## What is needed:
Return precisely the opening lines of the listing below, ending with the line that contains "(155.363331, 152.654)], dxfattribs=at)".

===== Supplied records

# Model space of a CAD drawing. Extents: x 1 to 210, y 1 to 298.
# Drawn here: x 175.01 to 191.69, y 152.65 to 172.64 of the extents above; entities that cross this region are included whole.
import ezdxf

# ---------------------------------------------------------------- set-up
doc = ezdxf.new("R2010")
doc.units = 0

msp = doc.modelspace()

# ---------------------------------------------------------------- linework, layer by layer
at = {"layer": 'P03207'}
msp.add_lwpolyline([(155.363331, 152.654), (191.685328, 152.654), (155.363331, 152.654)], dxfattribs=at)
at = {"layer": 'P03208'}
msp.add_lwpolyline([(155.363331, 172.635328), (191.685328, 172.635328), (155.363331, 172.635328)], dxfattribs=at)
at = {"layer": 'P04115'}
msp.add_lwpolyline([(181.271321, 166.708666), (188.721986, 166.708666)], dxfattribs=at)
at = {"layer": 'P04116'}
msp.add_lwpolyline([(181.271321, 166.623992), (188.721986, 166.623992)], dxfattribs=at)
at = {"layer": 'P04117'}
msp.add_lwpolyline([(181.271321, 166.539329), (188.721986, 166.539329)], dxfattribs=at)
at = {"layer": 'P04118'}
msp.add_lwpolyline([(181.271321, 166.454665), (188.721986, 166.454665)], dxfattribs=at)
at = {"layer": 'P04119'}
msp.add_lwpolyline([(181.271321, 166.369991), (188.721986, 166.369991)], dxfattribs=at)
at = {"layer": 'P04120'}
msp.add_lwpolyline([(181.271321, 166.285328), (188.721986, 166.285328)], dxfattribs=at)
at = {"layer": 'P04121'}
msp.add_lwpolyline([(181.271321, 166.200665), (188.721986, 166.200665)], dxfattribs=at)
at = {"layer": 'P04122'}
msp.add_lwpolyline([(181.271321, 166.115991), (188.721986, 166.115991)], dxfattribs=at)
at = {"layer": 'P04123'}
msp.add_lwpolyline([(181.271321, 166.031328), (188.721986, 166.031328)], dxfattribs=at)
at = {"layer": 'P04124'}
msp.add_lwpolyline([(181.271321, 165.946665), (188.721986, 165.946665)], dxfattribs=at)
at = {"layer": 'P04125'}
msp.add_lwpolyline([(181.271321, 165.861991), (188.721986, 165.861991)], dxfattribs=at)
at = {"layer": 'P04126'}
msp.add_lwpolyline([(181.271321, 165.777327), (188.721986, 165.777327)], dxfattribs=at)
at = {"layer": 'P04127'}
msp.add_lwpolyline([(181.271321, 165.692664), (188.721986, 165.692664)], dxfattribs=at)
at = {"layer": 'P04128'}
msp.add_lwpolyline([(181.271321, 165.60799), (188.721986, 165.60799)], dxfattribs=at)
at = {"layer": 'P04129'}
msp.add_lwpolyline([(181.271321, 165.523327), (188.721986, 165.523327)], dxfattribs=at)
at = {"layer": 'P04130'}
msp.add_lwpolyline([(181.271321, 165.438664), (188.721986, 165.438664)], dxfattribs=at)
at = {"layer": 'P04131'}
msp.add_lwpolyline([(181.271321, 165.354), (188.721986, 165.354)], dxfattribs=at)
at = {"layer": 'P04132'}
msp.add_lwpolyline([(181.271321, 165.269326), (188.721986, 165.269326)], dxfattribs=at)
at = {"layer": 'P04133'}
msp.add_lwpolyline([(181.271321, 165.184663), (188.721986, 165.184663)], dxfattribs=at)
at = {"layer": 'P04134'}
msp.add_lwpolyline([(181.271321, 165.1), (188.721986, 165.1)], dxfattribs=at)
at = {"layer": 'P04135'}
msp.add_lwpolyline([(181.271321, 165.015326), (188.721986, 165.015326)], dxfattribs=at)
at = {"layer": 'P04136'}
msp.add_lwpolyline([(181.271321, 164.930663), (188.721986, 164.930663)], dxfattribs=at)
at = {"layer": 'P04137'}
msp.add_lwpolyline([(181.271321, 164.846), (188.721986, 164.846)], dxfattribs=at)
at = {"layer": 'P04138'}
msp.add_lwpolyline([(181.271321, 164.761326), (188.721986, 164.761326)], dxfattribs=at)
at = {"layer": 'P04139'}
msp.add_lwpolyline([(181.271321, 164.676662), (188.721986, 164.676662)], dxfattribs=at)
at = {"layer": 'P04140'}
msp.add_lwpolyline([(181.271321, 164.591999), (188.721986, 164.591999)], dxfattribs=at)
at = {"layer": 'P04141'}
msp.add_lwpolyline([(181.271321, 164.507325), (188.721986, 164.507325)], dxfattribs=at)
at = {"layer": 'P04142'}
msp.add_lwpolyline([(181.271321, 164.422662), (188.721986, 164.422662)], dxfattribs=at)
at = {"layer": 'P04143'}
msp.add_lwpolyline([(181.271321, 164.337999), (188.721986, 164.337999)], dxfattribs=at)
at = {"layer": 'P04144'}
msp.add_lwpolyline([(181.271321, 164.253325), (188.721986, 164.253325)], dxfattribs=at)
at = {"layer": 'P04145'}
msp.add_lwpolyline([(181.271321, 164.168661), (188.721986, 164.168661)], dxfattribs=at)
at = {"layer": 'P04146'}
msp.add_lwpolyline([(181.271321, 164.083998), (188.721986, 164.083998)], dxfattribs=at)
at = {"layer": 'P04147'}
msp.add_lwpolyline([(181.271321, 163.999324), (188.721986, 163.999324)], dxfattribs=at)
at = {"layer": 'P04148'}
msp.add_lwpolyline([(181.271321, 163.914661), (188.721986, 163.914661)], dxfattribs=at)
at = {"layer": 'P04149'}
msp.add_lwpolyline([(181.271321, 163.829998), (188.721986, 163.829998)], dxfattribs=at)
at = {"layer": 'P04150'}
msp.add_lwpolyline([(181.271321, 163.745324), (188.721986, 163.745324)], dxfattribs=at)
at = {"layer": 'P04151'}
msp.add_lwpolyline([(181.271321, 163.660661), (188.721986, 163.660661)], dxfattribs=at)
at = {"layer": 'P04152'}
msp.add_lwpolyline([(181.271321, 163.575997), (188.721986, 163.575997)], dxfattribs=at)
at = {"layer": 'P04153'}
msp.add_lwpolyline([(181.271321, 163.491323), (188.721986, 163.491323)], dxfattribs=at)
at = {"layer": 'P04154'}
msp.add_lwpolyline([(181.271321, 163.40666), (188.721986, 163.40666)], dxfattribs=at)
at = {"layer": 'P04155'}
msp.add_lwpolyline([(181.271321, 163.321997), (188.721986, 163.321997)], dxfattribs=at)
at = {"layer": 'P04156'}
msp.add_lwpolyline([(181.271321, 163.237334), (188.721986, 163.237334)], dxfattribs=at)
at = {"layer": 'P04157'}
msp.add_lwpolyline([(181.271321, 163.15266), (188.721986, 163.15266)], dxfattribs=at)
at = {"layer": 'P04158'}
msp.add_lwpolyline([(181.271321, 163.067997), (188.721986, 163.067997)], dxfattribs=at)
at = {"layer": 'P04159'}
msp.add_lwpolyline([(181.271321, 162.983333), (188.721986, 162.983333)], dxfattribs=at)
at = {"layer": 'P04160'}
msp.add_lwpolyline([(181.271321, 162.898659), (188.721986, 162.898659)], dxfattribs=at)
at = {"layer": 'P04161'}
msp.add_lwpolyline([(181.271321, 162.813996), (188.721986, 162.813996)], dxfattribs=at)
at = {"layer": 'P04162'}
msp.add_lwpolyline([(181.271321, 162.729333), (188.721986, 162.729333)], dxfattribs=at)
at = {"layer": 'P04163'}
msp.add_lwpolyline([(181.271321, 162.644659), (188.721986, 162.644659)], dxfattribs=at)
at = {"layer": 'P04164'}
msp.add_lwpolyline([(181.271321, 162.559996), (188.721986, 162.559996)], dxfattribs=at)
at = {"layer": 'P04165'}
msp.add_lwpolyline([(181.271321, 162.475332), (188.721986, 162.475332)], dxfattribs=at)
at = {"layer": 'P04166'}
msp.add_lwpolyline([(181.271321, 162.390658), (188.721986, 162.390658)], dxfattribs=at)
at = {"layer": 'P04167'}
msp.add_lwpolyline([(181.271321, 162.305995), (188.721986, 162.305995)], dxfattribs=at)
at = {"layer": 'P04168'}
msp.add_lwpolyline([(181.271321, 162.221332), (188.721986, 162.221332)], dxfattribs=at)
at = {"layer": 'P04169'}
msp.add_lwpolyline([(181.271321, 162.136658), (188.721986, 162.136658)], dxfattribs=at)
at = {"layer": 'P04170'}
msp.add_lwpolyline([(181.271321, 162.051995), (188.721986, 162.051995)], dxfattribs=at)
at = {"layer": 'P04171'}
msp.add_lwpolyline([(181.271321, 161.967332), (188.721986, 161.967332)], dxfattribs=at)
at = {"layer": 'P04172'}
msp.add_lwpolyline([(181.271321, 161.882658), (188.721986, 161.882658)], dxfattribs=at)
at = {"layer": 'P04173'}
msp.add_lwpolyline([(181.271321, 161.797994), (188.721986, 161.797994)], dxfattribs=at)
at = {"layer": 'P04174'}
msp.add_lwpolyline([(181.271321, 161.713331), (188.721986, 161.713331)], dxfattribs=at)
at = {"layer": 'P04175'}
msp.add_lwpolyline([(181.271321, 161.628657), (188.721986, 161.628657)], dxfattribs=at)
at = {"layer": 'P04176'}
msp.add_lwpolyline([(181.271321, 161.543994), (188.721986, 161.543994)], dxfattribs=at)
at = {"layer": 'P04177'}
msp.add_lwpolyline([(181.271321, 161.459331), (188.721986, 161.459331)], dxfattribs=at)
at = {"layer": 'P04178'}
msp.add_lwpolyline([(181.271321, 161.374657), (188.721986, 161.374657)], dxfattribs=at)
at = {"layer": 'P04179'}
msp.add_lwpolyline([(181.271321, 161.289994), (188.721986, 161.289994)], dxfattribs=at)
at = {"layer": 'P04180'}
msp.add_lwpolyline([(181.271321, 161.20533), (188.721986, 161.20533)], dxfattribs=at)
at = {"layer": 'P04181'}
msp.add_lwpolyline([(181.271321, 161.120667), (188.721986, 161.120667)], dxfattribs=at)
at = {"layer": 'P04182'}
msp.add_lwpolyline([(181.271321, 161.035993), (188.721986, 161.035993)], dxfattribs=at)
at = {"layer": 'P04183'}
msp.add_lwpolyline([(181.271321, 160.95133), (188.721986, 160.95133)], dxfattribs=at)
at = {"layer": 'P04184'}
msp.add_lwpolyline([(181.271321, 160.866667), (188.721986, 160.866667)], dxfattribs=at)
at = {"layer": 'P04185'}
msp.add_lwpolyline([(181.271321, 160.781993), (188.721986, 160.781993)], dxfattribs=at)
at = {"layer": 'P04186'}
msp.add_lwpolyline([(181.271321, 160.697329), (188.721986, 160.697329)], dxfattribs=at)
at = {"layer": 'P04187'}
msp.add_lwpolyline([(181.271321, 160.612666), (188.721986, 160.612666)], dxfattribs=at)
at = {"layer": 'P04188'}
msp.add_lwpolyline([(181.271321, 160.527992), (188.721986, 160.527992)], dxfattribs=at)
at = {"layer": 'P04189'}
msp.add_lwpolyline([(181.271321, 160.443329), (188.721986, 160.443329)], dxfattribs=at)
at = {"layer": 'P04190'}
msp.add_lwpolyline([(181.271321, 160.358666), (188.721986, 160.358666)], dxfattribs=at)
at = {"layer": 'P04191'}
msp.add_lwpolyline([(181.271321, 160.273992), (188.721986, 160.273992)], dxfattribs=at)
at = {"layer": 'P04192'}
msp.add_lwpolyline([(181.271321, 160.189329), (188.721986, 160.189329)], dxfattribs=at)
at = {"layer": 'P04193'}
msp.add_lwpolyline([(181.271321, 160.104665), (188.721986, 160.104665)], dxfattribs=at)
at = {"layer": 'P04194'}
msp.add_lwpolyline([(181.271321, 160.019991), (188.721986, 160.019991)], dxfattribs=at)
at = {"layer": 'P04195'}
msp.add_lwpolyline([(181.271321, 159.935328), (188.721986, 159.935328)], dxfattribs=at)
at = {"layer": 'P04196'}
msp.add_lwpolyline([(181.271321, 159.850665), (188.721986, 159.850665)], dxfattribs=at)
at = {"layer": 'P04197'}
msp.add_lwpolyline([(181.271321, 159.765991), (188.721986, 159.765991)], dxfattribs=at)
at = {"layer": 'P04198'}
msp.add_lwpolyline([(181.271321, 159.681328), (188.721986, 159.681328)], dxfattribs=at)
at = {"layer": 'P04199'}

==========

## Finished task:
# Model space of a CAD drawing. Extents: x 1 to 210, y 1 to 298.
# Drawn here: x 175.01 to 191.69, y 152.65 to 172.64 of the extents above; entities that cross this region are included whole.
import ezdxf

# ---------------------------------------------------------------- set-up
doc = ezdxf.new("R2010")
doc.units = 0

msp = doc.modelspace()

# ---------------------------------------------------------------- linework, layer by layer
at = {"layer": 'P03207'}
msp.add_lwpolyline([(155.363331, 152.654), (191.685328, 152.654), (155.363331, 152.654)], dxfattribs=at)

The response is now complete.